The answer must be one number: how many lines below contain the word "front".

[Records from a collection]
+++

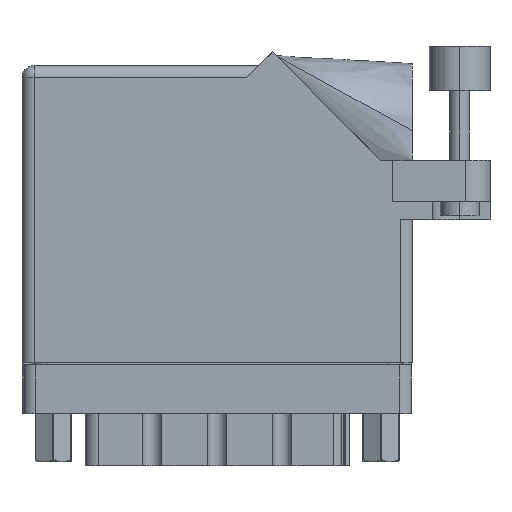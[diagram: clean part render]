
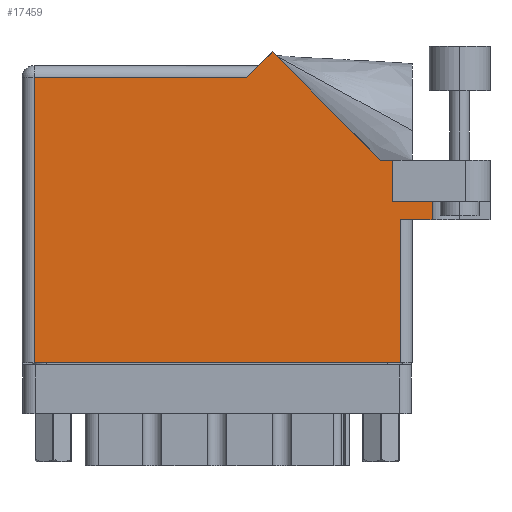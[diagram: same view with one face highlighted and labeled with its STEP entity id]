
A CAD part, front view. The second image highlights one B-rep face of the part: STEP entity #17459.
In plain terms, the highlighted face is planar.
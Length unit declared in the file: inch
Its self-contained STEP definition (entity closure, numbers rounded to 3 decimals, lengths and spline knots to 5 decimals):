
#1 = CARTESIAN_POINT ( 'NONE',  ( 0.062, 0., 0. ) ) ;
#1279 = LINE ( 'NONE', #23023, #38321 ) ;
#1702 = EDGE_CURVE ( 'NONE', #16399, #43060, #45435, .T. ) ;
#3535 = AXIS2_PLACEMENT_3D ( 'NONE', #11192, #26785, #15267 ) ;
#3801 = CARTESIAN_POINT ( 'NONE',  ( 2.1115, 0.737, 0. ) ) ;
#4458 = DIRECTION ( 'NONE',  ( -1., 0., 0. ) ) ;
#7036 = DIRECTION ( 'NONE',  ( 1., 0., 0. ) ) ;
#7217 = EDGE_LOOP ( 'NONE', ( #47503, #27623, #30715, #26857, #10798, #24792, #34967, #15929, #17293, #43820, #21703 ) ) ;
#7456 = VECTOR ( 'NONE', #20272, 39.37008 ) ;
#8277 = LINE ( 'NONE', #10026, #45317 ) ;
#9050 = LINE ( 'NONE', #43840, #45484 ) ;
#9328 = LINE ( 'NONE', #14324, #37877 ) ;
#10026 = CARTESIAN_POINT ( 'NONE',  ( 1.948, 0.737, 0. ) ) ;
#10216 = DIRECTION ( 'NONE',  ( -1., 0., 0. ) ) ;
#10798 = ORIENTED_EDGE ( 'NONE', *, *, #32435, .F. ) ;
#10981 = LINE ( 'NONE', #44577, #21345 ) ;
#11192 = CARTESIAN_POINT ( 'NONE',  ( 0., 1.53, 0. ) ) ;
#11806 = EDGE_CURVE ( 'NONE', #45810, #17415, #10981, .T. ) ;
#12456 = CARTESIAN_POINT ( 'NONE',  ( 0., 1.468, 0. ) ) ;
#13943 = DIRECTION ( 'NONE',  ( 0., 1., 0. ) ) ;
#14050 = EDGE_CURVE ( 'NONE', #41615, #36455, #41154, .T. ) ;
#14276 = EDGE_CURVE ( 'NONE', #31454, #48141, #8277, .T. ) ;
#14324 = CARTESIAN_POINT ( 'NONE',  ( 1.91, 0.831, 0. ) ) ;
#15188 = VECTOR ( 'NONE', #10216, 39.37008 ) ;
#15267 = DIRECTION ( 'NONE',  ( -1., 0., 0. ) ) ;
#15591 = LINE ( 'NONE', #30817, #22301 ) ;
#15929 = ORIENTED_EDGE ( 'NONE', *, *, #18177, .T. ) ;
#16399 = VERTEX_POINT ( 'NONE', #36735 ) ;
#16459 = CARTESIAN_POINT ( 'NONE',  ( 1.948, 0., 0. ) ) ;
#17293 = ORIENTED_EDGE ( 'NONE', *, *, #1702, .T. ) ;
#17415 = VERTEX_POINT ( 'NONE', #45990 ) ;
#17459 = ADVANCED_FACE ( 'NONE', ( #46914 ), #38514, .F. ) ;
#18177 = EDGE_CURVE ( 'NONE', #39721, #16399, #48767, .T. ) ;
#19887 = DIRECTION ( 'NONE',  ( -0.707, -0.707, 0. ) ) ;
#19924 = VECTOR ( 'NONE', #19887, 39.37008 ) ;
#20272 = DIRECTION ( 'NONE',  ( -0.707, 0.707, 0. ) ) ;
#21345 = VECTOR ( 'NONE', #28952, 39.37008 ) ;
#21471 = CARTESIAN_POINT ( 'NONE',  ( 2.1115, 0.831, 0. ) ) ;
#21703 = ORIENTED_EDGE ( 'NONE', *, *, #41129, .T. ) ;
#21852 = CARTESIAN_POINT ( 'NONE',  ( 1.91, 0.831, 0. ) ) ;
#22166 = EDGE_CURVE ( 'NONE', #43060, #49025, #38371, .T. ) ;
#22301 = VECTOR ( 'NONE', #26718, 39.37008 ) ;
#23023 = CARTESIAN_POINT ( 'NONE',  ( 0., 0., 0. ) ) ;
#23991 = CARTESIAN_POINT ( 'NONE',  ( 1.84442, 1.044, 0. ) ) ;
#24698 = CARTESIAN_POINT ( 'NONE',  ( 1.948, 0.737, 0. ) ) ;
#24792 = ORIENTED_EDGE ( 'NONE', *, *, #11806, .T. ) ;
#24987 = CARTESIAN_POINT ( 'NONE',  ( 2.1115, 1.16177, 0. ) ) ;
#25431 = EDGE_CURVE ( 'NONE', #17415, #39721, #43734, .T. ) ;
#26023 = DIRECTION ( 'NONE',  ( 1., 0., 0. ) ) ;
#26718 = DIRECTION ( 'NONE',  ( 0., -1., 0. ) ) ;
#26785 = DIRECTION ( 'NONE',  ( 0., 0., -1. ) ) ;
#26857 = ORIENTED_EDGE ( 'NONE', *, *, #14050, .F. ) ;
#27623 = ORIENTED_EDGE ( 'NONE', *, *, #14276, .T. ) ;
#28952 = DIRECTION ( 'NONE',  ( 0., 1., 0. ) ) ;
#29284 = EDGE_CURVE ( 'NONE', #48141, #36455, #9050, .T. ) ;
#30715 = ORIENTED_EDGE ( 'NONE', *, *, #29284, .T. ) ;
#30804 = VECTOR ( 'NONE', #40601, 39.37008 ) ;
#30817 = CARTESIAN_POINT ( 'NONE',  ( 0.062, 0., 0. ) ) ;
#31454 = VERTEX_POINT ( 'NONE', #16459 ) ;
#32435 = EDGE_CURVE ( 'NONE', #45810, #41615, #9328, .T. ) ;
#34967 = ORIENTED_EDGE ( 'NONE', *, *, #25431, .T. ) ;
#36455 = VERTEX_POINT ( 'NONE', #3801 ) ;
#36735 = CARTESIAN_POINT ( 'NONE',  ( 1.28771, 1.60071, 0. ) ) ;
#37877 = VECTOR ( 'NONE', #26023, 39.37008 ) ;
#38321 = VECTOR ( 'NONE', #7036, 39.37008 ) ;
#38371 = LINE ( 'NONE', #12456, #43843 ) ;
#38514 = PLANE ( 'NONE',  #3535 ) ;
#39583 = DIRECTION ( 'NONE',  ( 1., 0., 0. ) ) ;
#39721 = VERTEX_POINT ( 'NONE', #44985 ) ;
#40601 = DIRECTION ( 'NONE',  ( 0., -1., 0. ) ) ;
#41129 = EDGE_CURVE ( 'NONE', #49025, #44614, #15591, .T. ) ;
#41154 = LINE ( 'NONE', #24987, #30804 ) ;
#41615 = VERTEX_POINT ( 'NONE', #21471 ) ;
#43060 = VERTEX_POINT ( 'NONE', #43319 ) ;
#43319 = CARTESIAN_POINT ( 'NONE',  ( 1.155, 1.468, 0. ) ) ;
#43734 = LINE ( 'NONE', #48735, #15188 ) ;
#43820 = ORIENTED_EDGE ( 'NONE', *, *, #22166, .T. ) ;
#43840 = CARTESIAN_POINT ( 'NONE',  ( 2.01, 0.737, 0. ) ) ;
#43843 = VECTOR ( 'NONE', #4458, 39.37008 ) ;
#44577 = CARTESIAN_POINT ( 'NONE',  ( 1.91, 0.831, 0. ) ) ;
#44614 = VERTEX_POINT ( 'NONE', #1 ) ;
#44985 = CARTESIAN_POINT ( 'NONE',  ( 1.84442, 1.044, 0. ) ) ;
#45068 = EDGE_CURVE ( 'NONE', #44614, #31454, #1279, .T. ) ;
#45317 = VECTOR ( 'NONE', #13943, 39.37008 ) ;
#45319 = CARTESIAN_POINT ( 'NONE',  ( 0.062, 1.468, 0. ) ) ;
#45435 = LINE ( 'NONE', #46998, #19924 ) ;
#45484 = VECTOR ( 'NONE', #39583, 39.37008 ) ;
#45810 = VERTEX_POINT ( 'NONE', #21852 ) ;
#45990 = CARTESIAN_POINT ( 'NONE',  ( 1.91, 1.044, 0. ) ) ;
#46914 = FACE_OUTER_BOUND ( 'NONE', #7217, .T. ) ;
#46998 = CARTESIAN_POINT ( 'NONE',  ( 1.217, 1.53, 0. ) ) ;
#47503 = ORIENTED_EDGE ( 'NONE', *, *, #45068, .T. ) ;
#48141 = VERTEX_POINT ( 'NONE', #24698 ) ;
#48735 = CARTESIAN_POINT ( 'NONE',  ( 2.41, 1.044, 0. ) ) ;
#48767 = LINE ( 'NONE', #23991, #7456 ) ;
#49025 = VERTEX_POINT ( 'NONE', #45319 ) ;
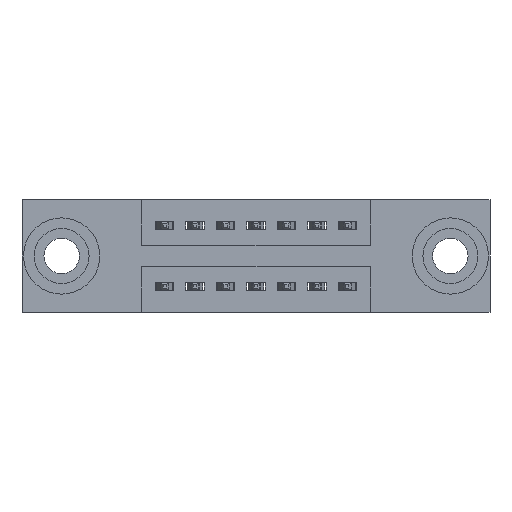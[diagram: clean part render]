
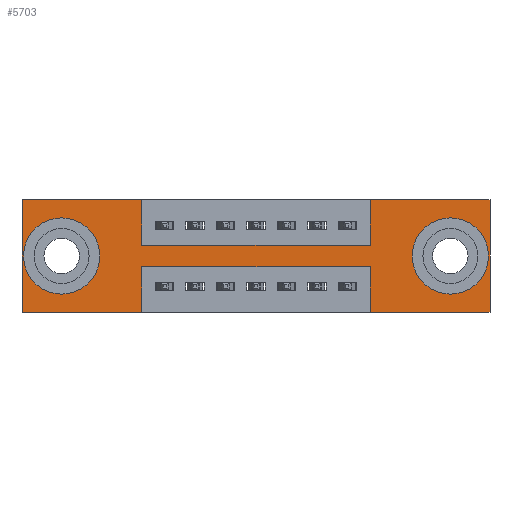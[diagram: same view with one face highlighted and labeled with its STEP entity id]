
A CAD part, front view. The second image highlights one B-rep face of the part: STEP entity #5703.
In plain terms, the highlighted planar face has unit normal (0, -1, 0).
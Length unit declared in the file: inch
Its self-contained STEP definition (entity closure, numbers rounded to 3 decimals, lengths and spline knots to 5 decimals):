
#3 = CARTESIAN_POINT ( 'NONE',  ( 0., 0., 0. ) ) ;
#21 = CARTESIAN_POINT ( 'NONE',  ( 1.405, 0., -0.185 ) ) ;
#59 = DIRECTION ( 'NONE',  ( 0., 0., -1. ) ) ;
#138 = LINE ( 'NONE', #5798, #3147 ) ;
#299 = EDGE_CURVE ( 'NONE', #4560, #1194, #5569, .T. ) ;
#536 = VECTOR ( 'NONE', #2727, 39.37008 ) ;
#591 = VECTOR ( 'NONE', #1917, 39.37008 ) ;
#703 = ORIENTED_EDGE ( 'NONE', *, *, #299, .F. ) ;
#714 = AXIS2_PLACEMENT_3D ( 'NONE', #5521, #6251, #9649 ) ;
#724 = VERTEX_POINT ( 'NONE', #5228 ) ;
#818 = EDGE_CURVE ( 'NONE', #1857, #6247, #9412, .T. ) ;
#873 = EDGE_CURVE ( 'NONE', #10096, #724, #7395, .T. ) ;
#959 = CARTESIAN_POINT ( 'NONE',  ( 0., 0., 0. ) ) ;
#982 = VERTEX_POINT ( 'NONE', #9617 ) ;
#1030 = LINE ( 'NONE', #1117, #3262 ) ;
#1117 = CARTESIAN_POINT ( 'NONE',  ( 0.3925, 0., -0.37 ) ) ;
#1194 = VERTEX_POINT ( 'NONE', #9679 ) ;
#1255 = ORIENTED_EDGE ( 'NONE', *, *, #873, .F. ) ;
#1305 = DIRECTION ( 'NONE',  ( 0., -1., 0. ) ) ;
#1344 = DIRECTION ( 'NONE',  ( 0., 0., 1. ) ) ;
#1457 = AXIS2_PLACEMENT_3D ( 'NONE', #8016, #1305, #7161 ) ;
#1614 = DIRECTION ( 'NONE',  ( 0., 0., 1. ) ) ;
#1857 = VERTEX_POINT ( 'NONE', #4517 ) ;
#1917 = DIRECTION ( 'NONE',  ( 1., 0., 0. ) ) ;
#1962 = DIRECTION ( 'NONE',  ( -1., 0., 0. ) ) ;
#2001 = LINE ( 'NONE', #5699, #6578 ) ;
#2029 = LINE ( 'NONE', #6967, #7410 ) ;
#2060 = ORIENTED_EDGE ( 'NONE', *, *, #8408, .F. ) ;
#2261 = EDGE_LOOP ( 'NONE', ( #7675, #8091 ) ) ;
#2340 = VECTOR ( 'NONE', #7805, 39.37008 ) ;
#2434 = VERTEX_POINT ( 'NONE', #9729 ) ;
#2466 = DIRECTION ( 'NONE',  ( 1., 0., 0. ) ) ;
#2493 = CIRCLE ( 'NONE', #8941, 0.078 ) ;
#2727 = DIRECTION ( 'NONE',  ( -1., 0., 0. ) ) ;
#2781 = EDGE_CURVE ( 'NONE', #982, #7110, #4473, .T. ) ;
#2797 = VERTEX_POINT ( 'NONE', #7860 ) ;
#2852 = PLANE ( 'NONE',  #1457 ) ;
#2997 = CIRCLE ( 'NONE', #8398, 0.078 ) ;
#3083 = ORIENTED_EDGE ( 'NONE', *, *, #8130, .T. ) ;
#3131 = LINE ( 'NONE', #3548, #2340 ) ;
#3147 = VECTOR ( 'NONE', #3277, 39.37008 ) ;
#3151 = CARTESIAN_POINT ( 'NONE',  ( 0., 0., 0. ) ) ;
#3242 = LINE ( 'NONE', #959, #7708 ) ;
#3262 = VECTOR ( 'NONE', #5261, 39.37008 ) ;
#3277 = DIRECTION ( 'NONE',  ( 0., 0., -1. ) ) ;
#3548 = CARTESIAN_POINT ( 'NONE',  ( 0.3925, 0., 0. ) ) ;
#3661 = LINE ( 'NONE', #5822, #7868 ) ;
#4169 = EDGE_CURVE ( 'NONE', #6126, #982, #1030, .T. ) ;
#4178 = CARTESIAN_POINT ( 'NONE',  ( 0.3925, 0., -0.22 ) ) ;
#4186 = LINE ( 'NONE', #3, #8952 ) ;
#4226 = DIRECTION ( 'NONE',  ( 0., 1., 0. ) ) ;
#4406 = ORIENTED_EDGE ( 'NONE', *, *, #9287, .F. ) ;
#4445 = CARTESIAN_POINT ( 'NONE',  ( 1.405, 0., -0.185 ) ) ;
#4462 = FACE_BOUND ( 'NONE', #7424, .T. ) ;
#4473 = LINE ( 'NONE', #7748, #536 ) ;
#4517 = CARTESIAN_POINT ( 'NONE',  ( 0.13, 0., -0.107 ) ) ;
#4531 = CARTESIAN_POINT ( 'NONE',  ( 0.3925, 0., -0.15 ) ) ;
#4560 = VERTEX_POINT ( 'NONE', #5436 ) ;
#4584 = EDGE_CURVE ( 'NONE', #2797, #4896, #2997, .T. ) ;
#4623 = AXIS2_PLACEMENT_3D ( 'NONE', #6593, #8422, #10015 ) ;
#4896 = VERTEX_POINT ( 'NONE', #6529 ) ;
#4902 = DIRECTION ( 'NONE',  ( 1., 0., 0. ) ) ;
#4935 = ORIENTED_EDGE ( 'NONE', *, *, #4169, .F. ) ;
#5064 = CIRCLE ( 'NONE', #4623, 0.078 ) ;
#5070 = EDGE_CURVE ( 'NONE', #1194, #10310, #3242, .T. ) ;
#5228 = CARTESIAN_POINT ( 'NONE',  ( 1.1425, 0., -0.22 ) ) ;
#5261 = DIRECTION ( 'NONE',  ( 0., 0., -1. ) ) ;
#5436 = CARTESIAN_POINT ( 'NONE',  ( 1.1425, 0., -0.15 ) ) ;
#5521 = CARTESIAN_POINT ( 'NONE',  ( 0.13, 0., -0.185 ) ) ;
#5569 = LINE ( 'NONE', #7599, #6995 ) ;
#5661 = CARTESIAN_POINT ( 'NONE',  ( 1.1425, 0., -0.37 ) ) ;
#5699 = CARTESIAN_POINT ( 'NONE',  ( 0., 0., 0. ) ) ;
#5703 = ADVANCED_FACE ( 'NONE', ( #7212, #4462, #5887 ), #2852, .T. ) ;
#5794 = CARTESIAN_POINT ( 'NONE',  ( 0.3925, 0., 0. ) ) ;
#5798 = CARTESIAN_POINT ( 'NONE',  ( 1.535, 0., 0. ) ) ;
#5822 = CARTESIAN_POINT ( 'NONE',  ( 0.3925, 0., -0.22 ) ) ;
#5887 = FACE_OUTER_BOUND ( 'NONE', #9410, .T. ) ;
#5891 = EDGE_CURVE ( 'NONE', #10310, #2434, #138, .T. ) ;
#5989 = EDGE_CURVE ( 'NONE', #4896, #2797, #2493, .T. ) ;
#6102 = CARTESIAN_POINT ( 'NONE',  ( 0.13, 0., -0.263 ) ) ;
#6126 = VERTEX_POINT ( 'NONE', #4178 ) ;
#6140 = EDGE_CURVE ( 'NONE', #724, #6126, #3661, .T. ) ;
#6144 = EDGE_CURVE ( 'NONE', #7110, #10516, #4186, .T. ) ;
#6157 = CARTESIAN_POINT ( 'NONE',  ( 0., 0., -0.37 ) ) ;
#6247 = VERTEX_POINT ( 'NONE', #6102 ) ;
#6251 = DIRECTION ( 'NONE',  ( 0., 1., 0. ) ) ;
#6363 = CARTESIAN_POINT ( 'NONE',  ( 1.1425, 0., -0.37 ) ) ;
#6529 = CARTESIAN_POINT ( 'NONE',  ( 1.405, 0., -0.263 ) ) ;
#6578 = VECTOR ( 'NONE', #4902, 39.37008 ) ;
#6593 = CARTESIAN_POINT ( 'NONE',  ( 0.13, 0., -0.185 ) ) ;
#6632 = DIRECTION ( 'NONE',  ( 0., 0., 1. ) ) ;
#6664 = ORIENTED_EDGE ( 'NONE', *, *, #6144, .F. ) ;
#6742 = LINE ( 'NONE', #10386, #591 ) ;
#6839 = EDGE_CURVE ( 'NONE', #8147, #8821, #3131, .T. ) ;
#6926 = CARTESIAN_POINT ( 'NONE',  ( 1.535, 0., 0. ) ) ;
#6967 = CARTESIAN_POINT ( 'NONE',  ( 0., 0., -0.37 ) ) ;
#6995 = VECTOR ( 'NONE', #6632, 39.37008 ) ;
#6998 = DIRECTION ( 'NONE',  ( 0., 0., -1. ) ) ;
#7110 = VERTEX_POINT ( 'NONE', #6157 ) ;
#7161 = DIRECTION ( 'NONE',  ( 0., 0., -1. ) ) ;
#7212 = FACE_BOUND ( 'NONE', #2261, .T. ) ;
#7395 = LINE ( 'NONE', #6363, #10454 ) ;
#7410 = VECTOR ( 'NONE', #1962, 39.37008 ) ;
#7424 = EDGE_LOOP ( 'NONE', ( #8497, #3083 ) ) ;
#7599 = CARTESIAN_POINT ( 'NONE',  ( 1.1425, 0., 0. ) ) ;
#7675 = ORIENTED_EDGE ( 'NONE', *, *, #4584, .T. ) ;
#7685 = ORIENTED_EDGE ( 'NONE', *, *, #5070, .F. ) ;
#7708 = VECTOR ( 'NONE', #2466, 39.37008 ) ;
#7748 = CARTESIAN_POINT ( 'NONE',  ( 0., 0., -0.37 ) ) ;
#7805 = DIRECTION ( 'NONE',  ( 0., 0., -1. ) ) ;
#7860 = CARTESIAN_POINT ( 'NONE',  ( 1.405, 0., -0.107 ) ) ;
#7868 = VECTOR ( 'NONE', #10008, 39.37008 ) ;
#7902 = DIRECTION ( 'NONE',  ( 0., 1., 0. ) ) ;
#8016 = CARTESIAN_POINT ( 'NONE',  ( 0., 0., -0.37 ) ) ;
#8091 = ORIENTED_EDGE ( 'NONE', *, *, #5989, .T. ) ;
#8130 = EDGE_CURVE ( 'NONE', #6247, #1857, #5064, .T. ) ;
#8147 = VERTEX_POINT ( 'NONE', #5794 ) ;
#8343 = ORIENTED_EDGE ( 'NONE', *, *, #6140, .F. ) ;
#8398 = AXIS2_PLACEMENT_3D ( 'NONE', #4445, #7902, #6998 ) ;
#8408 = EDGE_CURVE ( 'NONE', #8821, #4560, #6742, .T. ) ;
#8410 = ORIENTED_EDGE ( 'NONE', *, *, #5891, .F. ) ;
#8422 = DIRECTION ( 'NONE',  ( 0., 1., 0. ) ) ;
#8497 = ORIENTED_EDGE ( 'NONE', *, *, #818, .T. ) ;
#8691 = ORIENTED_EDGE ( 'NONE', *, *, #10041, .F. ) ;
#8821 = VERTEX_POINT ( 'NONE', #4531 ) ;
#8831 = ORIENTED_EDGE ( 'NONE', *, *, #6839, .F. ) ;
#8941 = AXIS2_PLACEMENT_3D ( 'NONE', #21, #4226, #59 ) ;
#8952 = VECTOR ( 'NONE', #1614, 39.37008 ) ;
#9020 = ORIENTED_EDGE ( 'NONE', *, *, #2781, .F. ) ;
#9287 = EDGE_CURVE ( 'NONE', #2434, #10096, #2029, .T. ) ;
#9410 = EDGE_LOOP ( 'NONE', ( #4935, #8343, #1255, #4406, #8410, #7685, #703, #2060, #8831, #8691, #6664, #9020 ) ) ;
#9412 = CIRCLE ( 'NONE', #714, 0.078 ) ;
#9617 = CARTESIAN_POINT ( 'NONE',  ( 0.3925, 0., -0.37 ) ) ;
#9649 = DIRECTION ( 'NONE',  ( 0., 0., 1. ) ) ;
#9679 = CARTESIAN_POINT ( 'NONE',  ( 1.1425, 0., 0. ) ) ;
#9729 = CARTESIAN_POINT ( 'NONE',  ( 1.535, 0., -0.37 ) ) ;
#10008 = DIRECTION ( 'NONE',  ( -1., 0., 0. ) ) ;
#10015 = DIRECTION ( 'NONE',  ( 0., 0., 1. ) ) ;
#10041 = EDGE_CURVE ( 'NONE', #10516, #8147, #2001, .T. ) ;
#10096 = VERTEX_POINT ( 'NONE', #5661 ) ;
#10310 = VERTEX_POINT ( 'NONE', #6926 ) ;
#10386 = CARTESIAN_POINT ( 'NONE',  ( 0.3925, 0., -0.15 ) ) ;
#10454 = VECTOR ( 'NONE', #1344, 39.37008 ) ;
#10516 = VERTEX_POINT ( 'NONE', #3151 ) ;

+++

* [RESPONSE]:
2